Given that $x^2 + ax + b > 0$ and $x^2 + (a + np)x + (b + nq) > 0$, prove that $x^2 + (a + mp)x + (b + mq) > 0, m = \overline{1, n - 1}$.

Question

Given that $$\large \left\{ \begin{align} x^2 + ax + b > 0\\ x^2 + (a + np)x + (b + nq) > 0 \end{align} \right., \forall x \in \mathbb R \ (p, q \in \mathbb R \setminus \{0\}, n \in \mathbb N, n > 1)$$

Prove that $x^2 + (a + mp)x + (b + mq) > 0, m = \overline{1, n - 1}$.

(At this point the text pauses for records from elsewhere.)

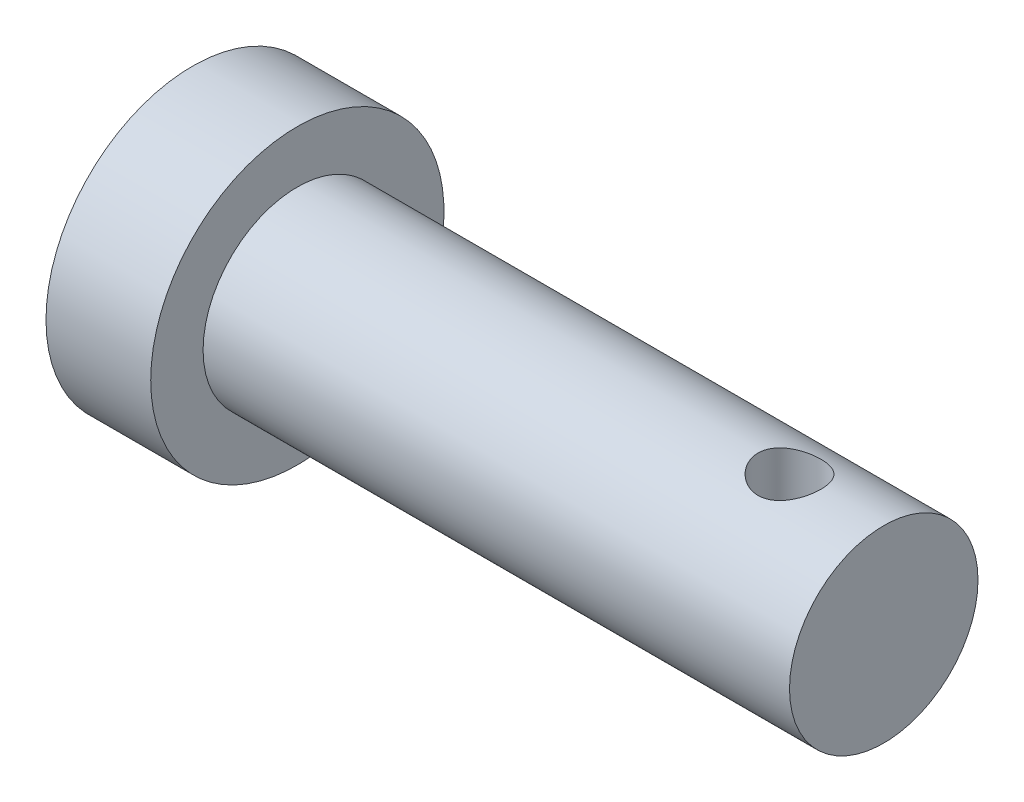
ISO-10303-21;
HEADER;
FILE_DESCRIPTION(('STEP AP214'),'2;1');
FILE_NAME('part.step','',(''),(''),'','','');
FILE_SCHEMA(('AUTOMOTIVE_DESIGN { 1 0 10303 214 1 1 1 1 }'));
ENDSEC;
DATA;
#1=APPLICATION_CONTEXT('core data for automotive mechanical design processes');
#2=APPLICATION_PROTOCOL_DEFINITION('international standard','automotive_design',2000,#1);
#3=PRODUCT_CONTEXT('',#1,'mechanical');
#4=PRODUCT('Part','Part','',(#3));
#5=PRODUCT_RELATED_PRODUCT_CATEGORY('part','',(#4));
#6=PRODUCT_DEFINITION_FORMATION('','',#4);
#7=PRODUCT_DEFINITION_CONTEXT('part definition',#1,'design');
#8=PRODUCT_DEFINITION('design','',#6,#7);
#9=PRODUCT_DEFINITION_SHAPE('','',#8);
#10=(LENGTH_UNIT() NAMED_UNIT(*) SI_UNIT(.MILLI.,.METRE.));
#11=(NAMED_UNIT(*) PLANE_ANGLE_UNIT() SI_UNIT($,.RADIAN.));
#12=(NAMED_UNIT(*) SI_UNIT($,.STERADIAN.) SOLID_ANGLE_UNIT());
#13=UNCERTAINTY_MEASURE_WITH_UNIT(LENGTH_MEASURE(1.E-05),#10,'distance_accuracy_value','');
#14=(GEOMETRIC_REPRESENTATION_CONTEXT(3) GLOBAL_UNCERTAINTY_ASSIGNED_CONTEXT((#13)) GLOBAL_UNIT_ASSIGNED_CONTEXT((#10,
#11,#12)) REPRESENTATION_CONTEXT('',''));
#15=CARTESIAN_POINT('',(0.,0.,0.));
#16=DIRECTION('',(0.,0.,1.));
#17=DIRECTION('',(1.,0.,0.));
#18=AXIS2_PLACEMENT_3D('',#15,#16,#17);
#19=CARTESIAN_POINT('',(33.,0.,0.));
#20=DIRECTION('',(-1.,0.,0.));
#21=DIRECTION('',(0.,0.,1.));
#22=AXIS2_PLACEMENT_3D('',#19,#20,#21);
#23=CYLINDRICAL_SURFACE('',#22,4.5);
#24=CARTESIAN_POINT('',(28.5,-4.24264068711928,1.5));
#25=CARTESIAN_POINT('',(28.5817022622541,-4.24264041795651,1.50000038692157));
#26=CARTESIAN_POINT('',(28.6634021997354,-4.24502653936286,1.49330217552828));
#27=CARTESIAN_POINT('',(28.8243816314914,-4.25426361121882,1.46677669753321));
#28=CARTESIAN_POINT('',(28.9036607248087,-4.26111529713283,1.4469472682526));
#29=CARTESIAN_POINT('',(29.0574403394959,-4.27842305533187,1.39493322852736));
#30=CARTESIAN_POINT('',(29.1319498941641,-4.28887205956983,1.36277283210487));
#31=CARTESIAN_POINT('',(29.2745400728219,-4.31218683015487,1.28709244266207));
#32=CARTESIAN_POINT('',(29.3426192738304,-4.32505312955418,1.24356994329028));
#33=CARTESIAN_POINT('',(29.4730799435075,-4.3523173411121,1.14457671966432));
#34=CARTESIAN_POINT('',(29.5351731430076,-4.36675342266966,1.08873651206688));
#35=CARTESIAN_POINT('',(29.649310201837,-4.39520797201504,0.967481500821593));
#36=CARTESIAN_POINT('',(29.7013524473736,-4.40922637243442,0.902065162578564));
#37=CARTESIAN_POINT('',(29.7952183459944,-4.43570800382698,0.761406761947515));
#38=CARTESIAN_POINT('',(29.8367399559269,-4.44812111552408,0.685952866836788));
#39=CARTESIAN_POINT('',(29.9063873776913,-4.46954380156474,0.528646834481211));
#40=CARTESIAN_POINT('',(29.9345167997654,-4.47855429304502,0.446796428530819));
#41=CARTESIAN_POINT('',(29.9756037819486,-4.4918861314786,0.282043226150241));
#42=CARTESIAN_POINT('',(29.9890551693855,-4.49635972166341,0.199276132279451));
#43=CARTESIAN_POINT('',(30.001974440041,-4.5006541232737,0.0325468122361355));
#44=CARTESIAN_POINT('',(30.0014459274786,-4.50047613394335,-0.0514151003158399));
#45=CARTESIAN_POINT('',(29.986733618151,-4.49559059428104,-0.214655272790726));
#46=CARTESIAN_POINT('',(29.9730862072882,-4.49106097132703,-0.2939880728875));
#47=CARTESIAN_POINT('',(29.9334105285293,-4.4782045100957,-0.44916515823324));
#48=CARTESIAN_POINT('',(29.9073814215304,-4.46987741446672,-0.525009206668763));
#49=CARTESIAN_POINT('',(29.8433680240408,-4.45013505439938,-0.672228712263021));
#50=CARTESIAN_POINT('',(29.8052310921798,-4.43868063786404,-0.743532331453497));
#51=CARTESIAN_POINT('',(29.7182104418274,-4.41387589557997,-0.878886488290754));
#52=CARTESIAN_POINT('',(29.66932373501,-4.40052504300777,-0.942935001577154));
#53=CARTESIAN_POINT('',(29.5594884098089,-4.37259287776335,-1.06515129982786));
#54=CARTESIAN_POINT('',(29.4980802632318,-4.35798322759,-1.12290023560133));
#55=CARTESIAN_POINT('',(29.366326911416,-4.32971002867666,-1.22741588939383));
#56=CARTESIAN_POINT('',(29.2959803314301,-4.31604662597174,-1.27418091490951));
#57=CARTESIAN_POINT('',(29.1470195615769,-4.29105787703296,-1.3559811825641));
#58=CARTESIAN_POINT('',(29.0683018029483,-4.27976864008232,-1.39083969547657));
#59=CARTESIAN_POINT('',(28.9056429086006,-4.26122476317448,-1.44666478994926));
#60=CARTESIAN_POINT('',(28.8217039781673,-4.25396843251835,-1.4676371936333));
#61=CARTESIAN_POINT('',(28.6550424668991,-4.24469454453105,-1.49424192313571));
#62=CARTESIAN_POINT('',(28.5724358628814,-4.24245540472709,-1.50052364325862));
#63=CARTESIAN_POINT('',(28.4073357763244,-4.242850080942,-1.49940815836741));
#64=CARTESIAN_POINT('',(28.3248422759629,-4.24548301189152,-1.49201343784089));
#65=CARTESIAN_POINT('',(28.1652645514333,-4.25510427134068,-1.46433847732775));
#66=CARTESIAN_POINT('',(28.088091854774,-4.2619398816089,-1.44450959097083));
#67=CARTESIAN_POINT('',(27.9381845906409,-4.27902830506905,-1.39307079384089));
#68=CARTESIAN_POINT('',(27.8654508126137,-4.2892817240236,-1.36145879454519));
#69=CARTESIAN_POINT('',(27.7239293687296,-4.31245316393576,-1.28621151110835));
#70=CARTESIAN_POINT('',(27.6553400360373,-4.32544538498414,-1.24222667753773));
#71=CARTESIAN_POINT('',(27.5262809214244,-4.35248653096476,-1.14387844583635));
#72=CARTESIAN_POINT('',(27.4658135420082,-4.36653576665699,-1.08951198824818));
#73=CARTESIAN_POINT('',(27.3517080238641,-4.39492557956765,-0.968837558850486));
#74=CARTESIAN_POINT('',(27.2985384149717,-4.40924765366842,-0.902080905819979));
#75=CARTESIAN_POINT('',(27.2041257864779,-4.43590277419665,-0.760240937100387));
#76=CARTESIAN_POINT('',(27.1628823432564,-4.44823589126543,-0.68515791729683));
#77=CARTESIAN_POINT('',(27.0938698427074,-4.46946608715904,-0.529169793648443));
#78=CARTESIAN_POINT('',(27.0660130842779,-4.47838545006796,-0.448306684981794));
#79=CARTESIAN_POINT('',(27.0244083869098,-4.49187916256662,-0.282687698769023));
#80=CARTESIAN_POINT('',(27.0106553551792,-4.49645508051028,-0.197933237930833));
#81=CARTESIAN_POINT('',(26.9981068835915,-4.50062794854384,-0.0312230037900603));
#82=CARTESIAN_POINT('',(26.9986388191014,-4.50044880134159,0.0506770858800288));
#83=CARTESIAN_POINT('',(27.0129859622196,-4.49568294779097,0.213166717500262));
#84=CARTESIAN_POINT('',(27.0268000922292,-4.49109659900363,0.293756365228586));
#85=CARTESIAN_POINT('',(27.0668733518639,-4.47811372431618,0.450063179148089));
#86=CARTESIAN_POINT('',(27.0929313230294,-4.46977887541723,0.525837406369185));
#87=CARTESIAN_POINT('',(27.1565662966457,-4.45015741056742,0.671967526409695));
#88=CARTESIAN_POINT('',(27.1941453827955,-4.43887026072025,0.74232243621365));
#89=CARTESIAN_POINT('',(27.281354268153,-4.41398803241821,0.87845102446318));
#90=CARTESIAN_POINT('',(27.3313780280725,-4.4003230873789,0.943959377336414));
#91=CARTESIAN_POINT('',(27.4413860867343,-4.37239483187819,1.06587153940864));
#92=CARTESIAN_POINT('',(27.5013735633941,-4.35813133159646,1.12227243243689));
#93=CARTESIAN_POINT('',(27.6324140333804,-4.32994919738397,1.22661271324968));
#94=CARTESIAN_POINT('',(27.703808266465,-4.31606591982946,1.27413444899685));
#95=CARTESIAN_POINT('',(27.8540016403542,-4.29090289984523,1.35647151495167));
#96=CARTESIAN_POINT('',(27.9327988395445,-4.27962247741874,1.39129016522921));
#97=CARTESIAN_POINT('',(28.0919427360234,-4.26152001309772,1.44576574230625));
#98=CARTESIAN_POINT('',(28.172058395288,-4.25451949285773,1.46603686372428));
#99=CARTESIAN_POINT('',(28.3347840757001,-4.24508075309277,1.4931514802239));
#100=CARTESIAN_POINT('',(28.4173932261161,-4.24264095926191,1.49999960879489));
#101=CARTESIAN_POINT('',(28.5,-4.24264068711928,1.5));
#102=B_SPLINE_CURVE_WITH_KNOTS('',3,(#24,#25,#26,#27,#28,#29,#30,#31,#32,#33,#34,#35,#36,#37,
#38,#39,#40,#41,#42,#43,#44,#45,#46,#47,#48,#49,#50,#51,#52,#53,#54,#55,#56,#57,#58,#59,#60,#61,
#62,#63,#64,#65,#66,#67,#68,#69,#70,#71,#72,#73,#74,#75,#76,#77,#78,#79,#80,#81,#82,#83,#84,#85,
#86,#87,#88,#89,#90,#91,#92,#93,#94,#95,#96,#97,#98,#99,#100,#101),.UNSPECIFIED.,.T.,.F.,(4,2,2,
2,2,2,2,2,2,2,2,2,2,2,2,2,2,2,2,2,2,2,2,2,2,2,2,2,2,2,2,2,2,2,2,2,2,2,4),(0.,0.244800877199035,
0.489642082522746,0.73400494125124,0.978421749278162,1.23152006141352,1.48465897757982,
1.74440259215486,2.00407614580184,2.25471478147401,2.50528879953491,2.74603507238353,
2.98679766283855,3.23072482290503,3.47471987811033,3.73020261545876,3.98572469418159,
4.24488959763007,4.50394577031476,4.75131437043212,4.99863803752403,5.23746593649716,
5.47633618716971,5.72278286600124,5.96930228489743,6.22768212253191,6.48605278132851,
6.7427068678283,6.99926824502787,7.24377127013005,7.48825446011224,7.72885434057197,
7.96949776141416,8.21903279277503,8.468647566455,8.72803354100769,8.98735167396852,
9.23494818240588,9.48245920782248),.UNSPECIFIED.);
#103=CARTESIAN_POINT('',(28.5,-4.24264068711928,1.5));
#104=VERTEX_POINT('',#103);
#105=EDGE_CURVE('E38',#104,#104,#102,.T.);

We have that $$\left\{ \begin{align} x^2 + ax + b > 0\\ x^2 + (a + np)x + (b + nq) > 0 \end{align} \right., \forall x \in \mathbb R$$

$$ \iff \left\{ \begin{align} a^2 - 4b < 0 \ (1)\\ (a + np)^2 - 4(b + nq) < 0 \ (2) \end{align} \right.$$

For $(2)$, we obtain that $p^2n^2 + 2(ap - 2q)n + (a^2 - 4b) < 0$

$$\implies (ap - 2q)^2 - p^2(a^2 - 4b) > 0 \iff q^2 - apq + bp^2 > 0 \implies \left\{ \begin{align} (ap)^2 - 4bp^2 < 0\\ (aq)^2 - 4q^2 < 0 \end{align} \right.$$

$\implies \left\{ \begin{align} a^2 - 4b < 0\\ a^2 - 4 < 0 \end{align} \right.$. And that's a dead-end.

Answer 1

Multiply the first inequality by $(n-m)$ and the second by $m$ and add these together \begin{eqnarray*} (n-m) (x^2 +ax+b) >0 \\ m(x^2+(a+np)x+(b+np))>0 \\ n(x^2+(a+mp)x+(b+mp))>0. \end{eqnarray*} Now divide the final inequality by $n$.

Answer 2

U could always check out D.See if leading coefficient >0 and D is less than 0 the quadratic is >0 for all real x.

Given : $ a^2 - 4b <0$

Given : $ (a+np)^2 - 4(b+nq)= a^2-4b + n(np^2 +2(ap-2q))<0$

(as n decreases $np^2 +2(ap-2q)$ also decreases) $\Rightarrow$ the expression is lesser for lesser 'n' and hence less than 0.